» **YOUR ASSIGNMENT**: Of the lines below, write out exactly those from the line with "MATLAB Function2/4(h_dot) -> Scope2/4" through the line with "From14/1 -> Scope4/2", both included, and skip the rest.

* * * *

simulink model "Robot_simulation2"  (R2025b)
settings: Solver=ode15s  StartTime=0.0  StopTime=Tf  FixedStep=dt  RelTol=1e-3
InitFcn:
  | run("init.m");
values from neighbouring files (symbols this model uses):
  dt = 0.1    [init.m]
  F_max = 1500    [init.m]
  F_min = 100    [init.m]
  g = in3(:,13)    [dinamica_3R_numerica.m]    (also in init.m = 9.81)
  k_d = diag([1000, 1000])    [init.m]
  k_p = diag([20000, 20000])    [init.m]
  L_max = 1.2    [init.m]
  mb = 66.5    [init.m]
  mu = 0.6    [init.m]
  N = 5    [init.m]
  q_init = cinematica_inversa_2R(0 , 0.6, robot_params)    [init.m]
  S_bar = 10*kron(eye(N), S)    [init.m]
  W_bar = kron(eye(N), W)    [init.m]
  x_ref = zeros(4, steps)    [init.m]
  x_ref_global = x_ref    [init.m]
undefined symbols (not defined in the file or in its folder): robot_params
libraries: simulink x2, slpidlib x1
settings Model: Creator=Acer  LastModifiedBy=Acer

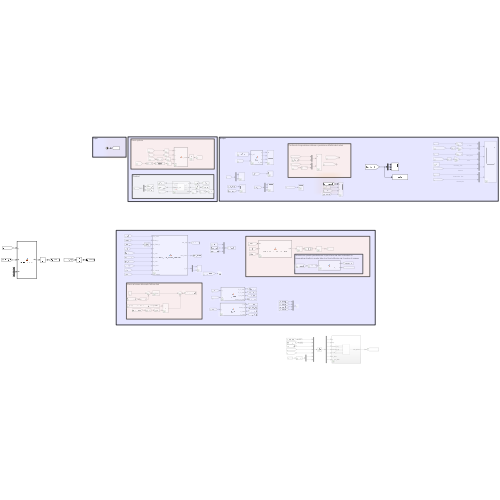
[thumbnail: Simulink's stored preview of the top-level diagram]
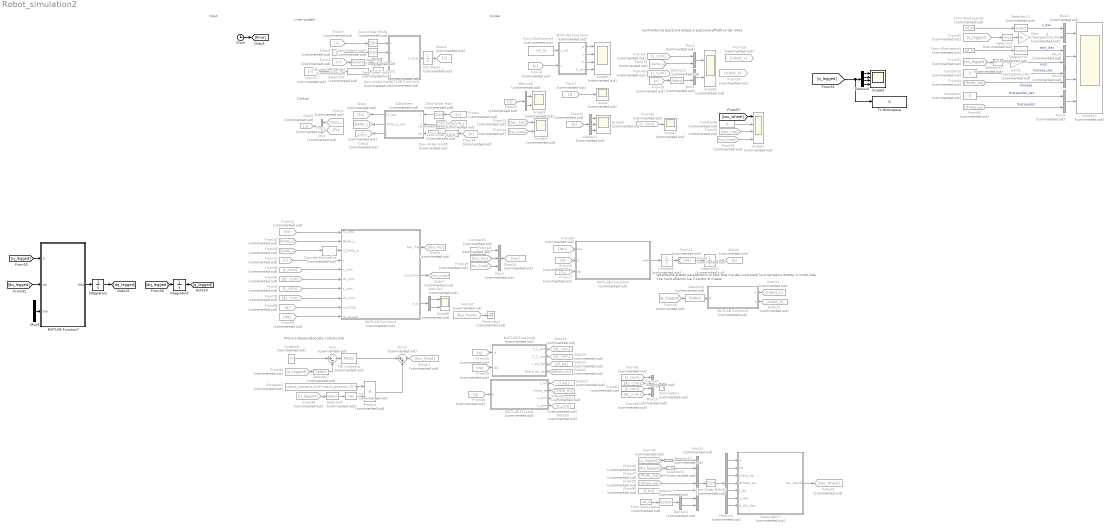
== system Robot_simulation2 ==
  note: Provo a tenere bloccato l'ultimo link
  note: Attenzione questo parallelismo lo puoi fare ma devi calcolarti la
      | cinematica diretta in modo tale che l'end effector sia il centro di massa
  note: Confronto tra posizione attesa e posizione effettiva del robot
  note: Control
  note: Liner system
  note: Input
  note: Scope
  Clock : Clock
  Constant{,3..6} (5 alike) : Constant  Commented=on  Value=0
  Constant2 : Constant  Commented=on  Value=robot_params.m3*robot_params.l3 *g
  Demux1 : Demux  Commented=on  Outputs=3
  Demux2 : Demux  Commented=on  Outputs=2
  Demux3 : Demux
  Demux4 : Demux  Commented=on  Outputs=2
  Demux5 : Demux  Commented=on  Outputs=2
  Demux6 : Demux  Commented=on  Outputs=7
  Discrete Derivative : simulink/Discrete/Discrete Derivative  Commented=on  gainval=1.0  ICPrevScaledInput=0.0  OutMin=[]  OutMax=[]  OutDataType=fixdt(1, 16)  OutScaling=2^-10  DoSatur=off
  Discrete Derivative1 : simulink/Discrete/Discrete Derivative  Commented=on  gainval=1.0  ICPrevScaledInput=0.0  OutMin=[]  OutMax=[]  OutDataType=fixdt(1, 16)  OutScaling=2^-10  DoSatur=off
  From : From  Commented=on  GotoTag=Fz
  From Workspace{1..3,5} (4 alike) : FromWorkspace  Commented=on  VariableName=ref_ts
  From{1,10,25,29} (4 alike) : From  Commented=on  GotoTag=Delta_s
  From11 : From  Commented=on  GotoTag=Fz
  From{2..4,6,12,26..28} (8 alike) : From  Commented=on  GotoTag=x
  From13 : From  Commented=on  GotoTag=tau_hip
  From14 : From  Commented=on  GotoTag=tau_knee
  From{15,17,39,69} (4 alike) : From  Commented=on  GotoTag=dq
  From{16,21..22,48,68} (5 alike) : From  Commented=on  GotoTag=q
  From18 : From  Commented=on  GotoTag=tau_hip
  From19 : From  Commented=on  GotoTag=tau_knee
  From20 : From  Commented=on  GotoTag=tau
  From23 : From  Commented=on  GotoTag=robot_x
  From24 : From  Commented=on  GotoTag=robot_h
  From{35..36,38,45,50} (5 alike) : From  Commented=on  GotoTag=q_legged
  From37 : From  Commented=on  GotoTag=tau_head
  From42 : From  Commented=on  GotoTag=s_com
  From{43,53,58,65} (4 alike) : From  Commented=on  GotoTag=z_com
  From46 : From  Commented=on  GotoTag=dq_legged
  From47 : From  Commented=on  GotoTag=theta_eq
  From49 : From  Commented=on  GotoTag=l_eq
  From5 : From  Commented=on  GotoTag=time
  From51 : From  Commented=on  GotoTag=dq_legged
  From54 : From  Commented=on  GotoTag=tau_hip
  From55 : From  Commented=on  GotoTag=tau_knee
  From56 : From  Commented=on  GotoTag=dtheta_eq
  From59 : From  Commented=on  GotoTag=ds_com
  From60 : From  Commented=on  GotoTag=dz_com
  From61 : From  Commented=on  GotoTag=s_com
  From62 : From  Commented=on  GotoTag=ds_com
  From63 : From  Commented=on  GotoTag=dtheta_eq
  From64 : From  Commented=on  GotoTag=theta_eq
  From66 : From  Commented=on  GotoTag=dz_com
  From67 : From  Commented=on  GotoTag=u
  From7 : From  Commented=on  GotoTag=J
  From8 : From  Commented=on  GotoTag=u
  From9 : From  Commented=on  GotoTag=s_com
  Gain : Gain  Commented=on  Gain=robot_params.Rw
  Gain1 : Gain  Commented=on  Gain=robot_params.Rw
  Goto : Goto  Commented=on  GotoTag=Fz
  Goto1 : Goto  Commented=on  GotoTag=Delta_s
  Goto10 : Goto  Commented=on  GotoTag=tau
  Goto11 : Goto  Commented=on  GotoTag=robot_x
  Goto12 : Goto  Commented=on  GotoTag=robot_h
  Goto13 : Goto  Commented=on  GotoTag=tau_head
  Goto16 : Goto  Commented=on  GotoTag=ds_com
  Goto17 : Goto  Commented=on  GotoTag=l_eq
  Goto18 : Goto  Commented=on  GotoTag=theta_eq
  Goto19 : Goto  Commented=on  GotoTag=s_com
  Goto2 : Goto  Commented=on  GotoTag=J
  Goto20 : Goto  Commented=on  GotoTag=z_com
  Goto21 : Goto  Commented=on  GotoTag=dl_eq
  Goto22 : Goto  Commented=on  GotoTag=tau_wheel
  Goto23 : Goto  Commented=on  GotoTag=dtheta_eq
  Goto24 : Goto  Commented=on  GotoTag=dz_com
  Goto4 : Goto  Commented=on  GotoTag=x
  Goto5 : Goto  Commented=on  GotoTag=u
  Goto6 : Goto  Commented=on  GotoTag=tau_hip
  Goto7 : Goto  Commented=on  GotoTag=tau_knee
  Goto8 : Goto  Commented=on  GotoTag=dq
  Goto9 : Goto  Commented=on  GotoTag=q
  Integrator : Integrator  Commented=on  InitialCondition=zeros(3,1)
  Integrator1 : Integrator  Commented=on  InitialCondition=[q_init;0]
  Integrator2 : Integrator  InitialCondition=zeros(4,1)
  Integrator3 : Integrator  InitialCondition=[0;q_init;0]
  MATLAB Function : MATLAB Function  Commented=on  TreatAsAtomicUnit=on
  MATLAB Function1 : MATLAB Function  Commented=on  TreatAsAtomicUnit=on
  MATLAB Function2 : MATLAB Function  Commented=on  TreatAsAtomicUnit=on
  MATLAB Function3 : MATLAB Function  Commented=on  TreatAsAtomicUnit=on
  MATLAB Function4 : MATLAB Function  Commented=on  TreatAsAtomicUnit=on
  MATLAB Function5 : MATLAB Function  Commented=on  TreatAsAtomicUnit=on
  MATLAB Function7 : MATLAB Function  TreatAsAtomicUnit=on
  MATLAB Function8 : MATLAB Function  Commented=on  TreatAsAtomicUnit=on
  Mux{,2..5,8..9} (7 alike) : Mux  Commented=on  Inputs=2
  Mux1 : Mux  Commented=on  Inputs=3
  Mux10 : Mux  Commented=on
  Mux11 : Mux  Commented=on  Inputs=[1 1 1 1 1 1 1]
  Mux6 : Mux  Inputs=[1 1 2]
  PID Controller : slpidlib/PID Controller  Commented=on  Controller=PID  Form=Parallel  TimeDomain=Continuous-time  UseExternalTs=off  SampleTime=-1  IntegratorMethod=Forward Euler  FilterMethod=Forward Euler  ControllerParametersSource=internal  P=10000  I=10  UseKiTs=off  D=10  UseExternalDerivativeSource=off  N=100  UseFilter=on  TunerSelectOption=Frequency Response Based  InitialConditionSource=internal  InitialConditionForIntegrator=0  InitialConditionForFilter=0  DifferentiatorICPrevScaledInput=0  ExternalReset=none  TrackingMode=off  Kt=1  LimitOutput=off  SatLimitsSource=internal  UpperSaturationLimit=inf  LowerSaturationLimit=-inf  LinearizeAsGain=on  AntiWindupMode=none  Kb=1  LimitIntegrator=off  UpperIntegratorSaturationLimit=inf  LowerIntegratorSaturationLimit=-inf  POutMin=[]  POutMax=[]  IOutMin=[]  IOutMax=[]  DOutMin=[]  DOutMax=[]  NOutMin=[]  NOutMax=[]  SumOutMin=[]  SumOutMax=[]  SaturationOutMin=[]  SaturationOutMax=[]  PParamMin=[]  PParamMax=[]  IParamMin=[]  IParamMax=[]  DParamMin=[]  DParamMax=[]  NParamMin=[]  NParamMax=[]  KbParamMin=[]  KbParamMax=[]  KtParamMin=[]  KtParamMax=[]  KbOutMin=[]  KbOutMax=[]  KtOutMin=[]  KtOutMax=[]  IntegratorOutMin=[]  IntegratorOutMax=[]  FilterOutMin=[]  FilterOutMax=[]  SumI1OutMin=[]  SumI1OutMax=[]  SumI2OutMin=[]  SumI2OutMax=[]  SumI3OutMin=[]  SumI3OutMax=[]  SumI4OutMin=[]  SumI4OutMax=[]  SumDOutMin=[]  SumDOutMax=[]  DifferentiatorOutMin=[]  DifferentiatorOutMax=[]  FilterDiffOutCoefMin=[]  FilterDiffOutCoefMax=[]  ReciprocalOutMin=[]  ReciprocalOutMax=[]  SumDenOutMin=[]  SumDenOutMax=[]  SumNumOutMin=[]  SumNumOutMax=[]  DivideOutMin=[]  DivideOutMax=[]  UdiffTsProdOutMin=[]  UdiffTsProdOutMax=[]  NTsProdOutMin=[]  NTsProdOutMax=[]  UintegralTsProdOutMin=[]  UintegralTsProdOutMax=[]  UngainTsProdOutMin=[]  UngainTsProdOutMax=[]  ClampingZeroOutDataTypeStr=Inherit: Inherit via back propagation  ClampingZeroOutMin=[]  ClampingZeroOutMax=[]  FilterDenConstantOutDataTypeStr=Inherit: Inherit via back propagation  FilterDenConstantOutMin=[]  FilterDenConstantOutMax=[]  PCopyOutDataTypeStr=Inherit: Inherit via back propagation  PCopyOutMin=[]  PCopyOutMax=[]  NCopyOutDataTypeStr=Inherit: Inherit via back propagation  NCopyOutMin=[]  NCopyOutMax=[]  IntegratorContinuousStateAttributes=''  IntegratorStateMustResolveToSignalObject=off  IntegratorRTWStateStorageClass=Auto  FilterContinuousStateAttributes=''  FilterStateMustResolveToSignalObject=off  FilterRTWStateStorageClass=Auto  ParallelPVariant=InternalParameters  IdealPVariant=Disabled  IVariant=InternalParameters  DVariant=InternalParameters  IntegratorVariant=Continuous  SatVariant=Disabled  AWVariant=Passthrough  PCopyVariant=Disabled  TRVariant=Disabled  FdbkBlocksVariant=Forward  IdealPFdbkVariant=Disabled  SatFdbkVariant=Disabled  DerivativeFilterVariant=ContFilter  NVariant=InternalParameters  NCopyVariant=Disabled  FilterICVariant=InternalICsFilter  IntegratorICVariant=InternalICs  ExternalResetVariant=Disabled  TRSumVariant=Passthrough  SumFdbkVariant=Disabled  SumVariant=Sum_PID  TsampFilterVariant=InternalTs  TsampNgainVariant=Passthrough  TsampIntegralVariant=Disabled_SignalSpec  ExternalSaturationOutDataTypeStr=Inherit: Same as second input  DerivativeSourceVariant=ErrorSignal  PreIntVariant=InternalPreInt
  Product : Product  Commented=on
  Scope : Scope  Commented=on
      settings: ActiveDisplayYMinimum=-1  ActiveDisplayYMaximum=1
  Scope1 : Scope  Commented=on  NumInputPorts=4
      settings: ActiveDisplayYMinimum=-1  ActiveDisplayYMaximum=1
  Scope10 : Scope  Commented=on  NumInputPorts=4
      settings: ActiveDisplayYMinimum=-17.232872762989807  ActiveDisplayYMaximum=4.2885654585543138  DataLoggingVariableName=ScopeData10
  Scope2 : Scope  Commented=on  NumInputPorts=4
      settings: ActiveDisplayYMinimum=-0.12515032259253614  ActiveDisplayYMaximum=1.1263529033328255  DataLoggingVariableName=ScopeData2
  Scope3 : Scope  NumInputPorts=4
      settings: ActiveDisplayYMinimum=-33.446881867150935  ActiveDisplayYMaximum=300.84907271752644  DataLoggingVariableName=ScopeData3
  Scope{4,6,8..9} (4 alike) : Scope  Commented=on  NumInputPorts=2
      Scope4 settings: ActiveDisplayYMinimum=-277.12659813654608  ActiveDisplayYMaximum=-227.4623965158911  DataLoggingVariableName=ScopeData4
      Scope6 settings: ActiveDisplayYMinimum=-1  ActiveDisplayYMaximum=1  DataLoggingVariableName=ScopeData6
      Scope8 settings: ActiveDisplayYMinimum=-0.17028433513177135  ActiveDisplayYMaximum=0.13336662971669377  DataLoggingVariableName=ScopeData8
      Scope9 settings: ActiveDisplayYMinimum=-0.0048922557383608324  ActiveDisplayYMaximum=0.0030434800856270639  DataLoggingVariableName=ScopeData9
  Scope5 : Scope  Commented=on  NumInputPorts=3
      settings: ActiveDisplayYMinimum=-1.5053334308874105  ActiveDisplayYMaximum=1.0672403229769873  DataLoggingVariableName=ScopeData5
  Scope7 : Scope  Commented=on
      settings: ActiveDisplayYMinimum=-1  ActiveDisplayYMaximum=1  DataLoggingVariableName=ScopeData7
  Selector : Selector  Commented=on  InputPortWidth=4  IndexOptions=Index vector (dialog)  Indices=[3]  OutputSizes=1
  Selector1 : Selector  Commented=on  InputPortWidth=4  IndexOptions=Index vector (dialog)  Indices=[1 2]  OutputSizes=1
  Selector{3,10..14} (6 alike) : Selector  Commented=on  InputPortWidth=4  IndexOptions=Index vector (dialog)  Indices=[1]  OutputSizes=1
  Selector2 : Selector  Commented=on  InputPortWidth=4  IndexOptions=Index vector (dialog)  Indices=[3]  OutputSizes=1
  Selector4 : Selector  Commented=on  InputPortWidth=4  IndexOptions=Index vector (dialog)  Indices=[2 3]  OutputSizes=1
  Selector5 : Selector  Commented=on  InputPortWidth=4  IndexOptions=Index vector (dialog)  Indices=[4]  OutputSizes=1
  Selector6 : Selector  Commented=on  InputPortWidth=4  IndexOptions=Index vector (dialog)  Indices=[3]  OutputSizes=1
  Selector7 : Selector  Commented=on  InputPortWidth=4  IndexOptions=Index vector (dialog)  Indices=[4]  OutputSizes=1
  Selector8 : Selector  Commented=on  InputPortWidth=4  IndexOptions=Index vector (dialog)  Indices=[4]  OutputSizes=1
  Sin : Trigonometry  Commented=on  Operator=cos
  Subsystem : Subsystem  Commented=on
  Subsystem1 : Subsystem  Commented=on
  Sum : Sum  Commented=on  Inputs=|+-
  Sum1 : Sum  Commented=on  Inputs=|++
  Terminator : Terminator  Commented=on
  Terminator1 : Terminator  Commented=on
  To Workspace : ToWorkspace  VariableName=q  SaveFormat=Timeseries  SampleTime=-1
  Unit Delay : UnitDelay  Commented=on  InitialCondition=x_ref(:,1)  SampleTime=dt  HasFrameUpgradeWarning=on
  Zero-Order Hold{,1..6} (7 alike) : ZeroOrderHold  Commented=on  SampleTime=dt
  Zero-Order Hold12 : ZeroOrderHold  Commented=on  SampleTime=dt*100
  wires:
  MATLAB Function1/1(x_next) -> Unit Delay/1
  Subsystem/1(Fz_opt) -> Goto/1
  Subsystem/2(Delta_s_opt) -> Goto1/1
  Subsystem/3(J) -> Goto2/1
  Clock/1 -> [time]
  From1/1 -> Mux/1
  From/1 -> Mux/2
  From2/1 -> Selector/1
  From5/1 -> Zero-Order Hold4/1
  From Workspace3/1 -> MATLAB Function2/1(x_ref)
  MATLAB Function2/2(v) -> Scope2/2
  MATLAB Function2/1(p) -> Scope2/1
  MATLAB Function2/3(h) -> Scope2/3
  MATLAB Function2/4(h_dot) -> Scope2/4
  From6/1 -> MATLAB Function2/2(x)
  From7/1 -> Scope/1
  Mux/1 -> Goto5/1
  From12/1 -> MATLAB Function3/4(x)
  From11/1 -> MATLAB Function3/1(Fz_cmd)
  MATLAB Function3/1(tau_hip) -> Goto6/1
  MATLAB Function3/2(tau_knee) -> Goto7/1
  From14/1 -> Scope4/2
  From13/1 -> Scope4/1
  MATLAB Function4/1(qdd) -> Integrator/1
  Integrator/1 -> Goto8/1
  From15/1 -> Integrator1/1
  Integrator1/1 -> Goto9/1
  From16/1 -> MATLAB Function4/2(q)
  From17/1 -> MATLAB Function4/3(dq)
  Constant5/1 -> Mux1/1
  From18/1 -> Mux1/2
  Mux1/1 -> Goto10/1
  From20/1 -> MATLAB Function4/1(tau)
  From21/1 -> Demux1/1
  Demux1/1 -> Scope5/1
  Demux1/2 -> Scope5/2
  MATLAB Function5/1(x) -> Goto11/1
  MATLAB Function5/2(z) -> Goto12/1
  From42/1 -> Mux2/1
  From25/1 -> Mux2/2
  From43/1 -> Mux3/1
  Selector2/1 -> Mux3/2
  Mux2/1 -> Scope8/1
  Mux3/1 -> Scope8/2
  From69/1 -> MATLAB Function3/10(dq_actual)
  From68/1 -> MATLAB Function3/9(q_actual)
  From26/1 -> Selector2/1
  Zero-Order Hold/1 -> Subsystem/1(x)
  From4/1 -> Zero-Order Hold/1
  From10/1 -> MATLAB Function3/2(Delta_s)
  From29/1 -> Discrete Derivative/1
  Discrete Derivative/1 -> MATLAB Function3/3(d_Delta_s)
  Zero-Order Hold1/1 -> MATLAB Function1/1(x)
  From3/1 -> Zero-Order Hold1/1
  Zero-Order Hold2/1 -> MATLAB Function1/2(u)
  From8/1 -> Zero-Order Hold2/1
  Selector/1 -> Zero-Order Hold3/1
  Zero-Order Hold3/1 -> MATLAB Function1/3(h)
  Zero-Order Hold4/1 -> Subsystem/2(t)
  MATLAB Function7/1(ddq) -> Integrator2/1
  [dq_legged] -> Integrator3/1
  Integrator2/1 -> [dq_legged]
  Demux3/4 -> Scope3/4
  Integrator3/1 -> [q_legged]
  [q_legged] -> MATLAB Function7/1(q)
  Demux3/3 -> Scope3/3
  Demux3/2 -> Scope3/2
  Demux3/1 -> Scope3/1
  Mux6/1 -> MATLAB Function7/3(tau)
  [dq_legged] -> MATLAB Function7/2(dq)
  From35/1 -> Selector4/1
  Selector4/1 -> MATLAB Function5/1(q)
  From36/1 -> Selector7/1
  Constant/1 -> Sum/1
  Selector7/1 -> Sum/2
  Sum/1 -> PID Controller/1
  PID Controller/1 -> Sum1/1
  Sum1/1 -> Goto13/1
  Constant2/1 -> Product/1
  Product/1 -> Sum1/2
  Sin/1 -> Product/2
  From38/1 -> Selector8/1
  Selector8/1 -> Sin/1
  From48/1 -> MATLAB Function/1(q)
  MATLAB Function/1(l_eq) -> Goto17/1
  MATLAB Function/2(theta_eq) -> Goto18/1
  MATLAB Function/3(s_com) -> Goto19/1
  MATLAB Function/4(z_com) -> Goto20/1
  Zero-Order Hold5/1 -> Subsystem/3(zb)
  Selector6/1 -> Zero-Order Hold5/1
  MATLAB Function3/3(p_d) -> Demux2/1
  Demux2/1 -> Scope6/1
  Demux2/2 -> Scope6/2
  [q_legged] -> To Workspace/1, Demux3/1
  From53/1 -> Scope7/1
  From22/1 -> MATLAB Function8/1(q)
  MATLAB Function8/1(S_C_dot) -> Goto16/1
  MATLAB Function8/3(l_eq_dot) -> Goto21/1
  MATLAB Function8/4(theta_eq_dot) -> Goto23/1
  MATLAB Function8/2(Z_C_dot) -> Goto24/1
  From39/1 -> MATLAB Function8/2(dq)
  From Workspace1/1 -> Selector1/1
  Selector1/1 -> Demux4/1
  From50/1 -> Selector3/1
  From51/1 -> Selector10/1
  From Workspace2/1 -> Selector11/1
  Selector3/1 -> Gain/1
  Selector10/1 -> Gain1/1
  Selector11/1 -> Mux4/1  "s_des"
  Gain/1 -> Mux4/2  "s"
  Selector12/1 -> Mux5/1  "sdot_des"
  Gain1/1 -> Mux5/2  "sdot"
  Mux4/1 -> Scope10/1
  Mux5/1 -> Scope10/2
  From58/1 -> MATLAB Function3/5(z_com)
  From9/1 -> MATLAB Function3/7(s_com)
  From60/1 -> MATLAB Function3/6(dz_com)
  From59/1 -> MATLAB Function3/8(ds_com)
  Mux9/1 -> Scope10/4
  Mux8/1 -> Scope10/3
  From63/1 -> Mux9/2  "thetaeqdot"
  Constant4/1 -> Mux9/1  "thetaeqdot_des"
  From64/1 -> Mux8/2  "thetaeq"
  Constant3/1 -> Mux8/1  "thetaeq_des"
  From61/1 -> Mux10/1
  From62/1 -> Mux10/2
  From65/1 -> Mux10/3
  From66/1 -> Mux10/4
  Mux10/1 -> Terminator1/1
  Demux5/2 -> Scope9/2
  Demux5/1 -> Scope9/1
  From67/1 -> Demux5/1
  Unit Delay/1 -> Goto4/1
  From45/1 -> Selector13/1
  From46/1 -> Selector14/1
  Subsystem1/1(tau_wheel) -> Goto22/1
  Selector13/1 -> Mux11/1
  Selector14/1 -> Mux11/2
  From47/1 -> Mux11/3
  From56/1 -> Mux11/4
  From49/1 -> Mux11/5
  Demux4/1 -> Mux11/6
  Demux4/2 -> Mux11/7
  Mux11/1 -> Zero-Order Hold12/1
  Zero-Order Hold12/1 -> Demux6/1
  Demux6/1 -> Subsystem1/1(q)
  Demux6/2 -> Subsystem1/2(dq)
  Demux6/3 -> Subsystem1/3(theta_eq)
  Demux6/4 -> Subsystem1/4(dtheta_eq)
  Demux6/5 -> Subsystem1/5(l_eq)
  Demux6/6 -> Subsystem1/6(s_des)
  Demux6/7 -> Subsystem1/7(s_dot_des)
  From Workspace5/1 -> Selector12/1
  From37/1 -> Terminator/1
  From19/1 -> Mux1/3
  [tau_wheel] -> Scope1/1
  Constant6/1 -> Scope1/2
  From54/1 -> Scope1/3
  From55/1 -> Scope1/4
  Demux1/3 -> Scope5/3
  From28/1 -> Selector6/1
  Discrete Derivative1/1 -> Zero-Order Hold6/1
  From27/1 -> Selector5/1
  Selector5/1 -> Discrete Derivative1/1
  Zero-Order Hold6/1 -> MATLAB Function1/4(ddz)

* * * *

» **TASK ANSWER**:
  MATLAB Function2/4(h_dot) -> Scope2/4
  From6/1 -> MATLAB Function2/2(x)
  From7/1 -> Scope/1
  Mux/1 -> Goto5/1
  From12/1 -> MATLAB Function3/4(x)
  From11/1 -> MATLAB Function3/1(Fz_cmd)
  MATLAB Function3/1(tau_hip) -> Goto6/1
  MATLAB Function3/2(tau_knee) -> Goto7/1
  From14/1 -> Scope4/2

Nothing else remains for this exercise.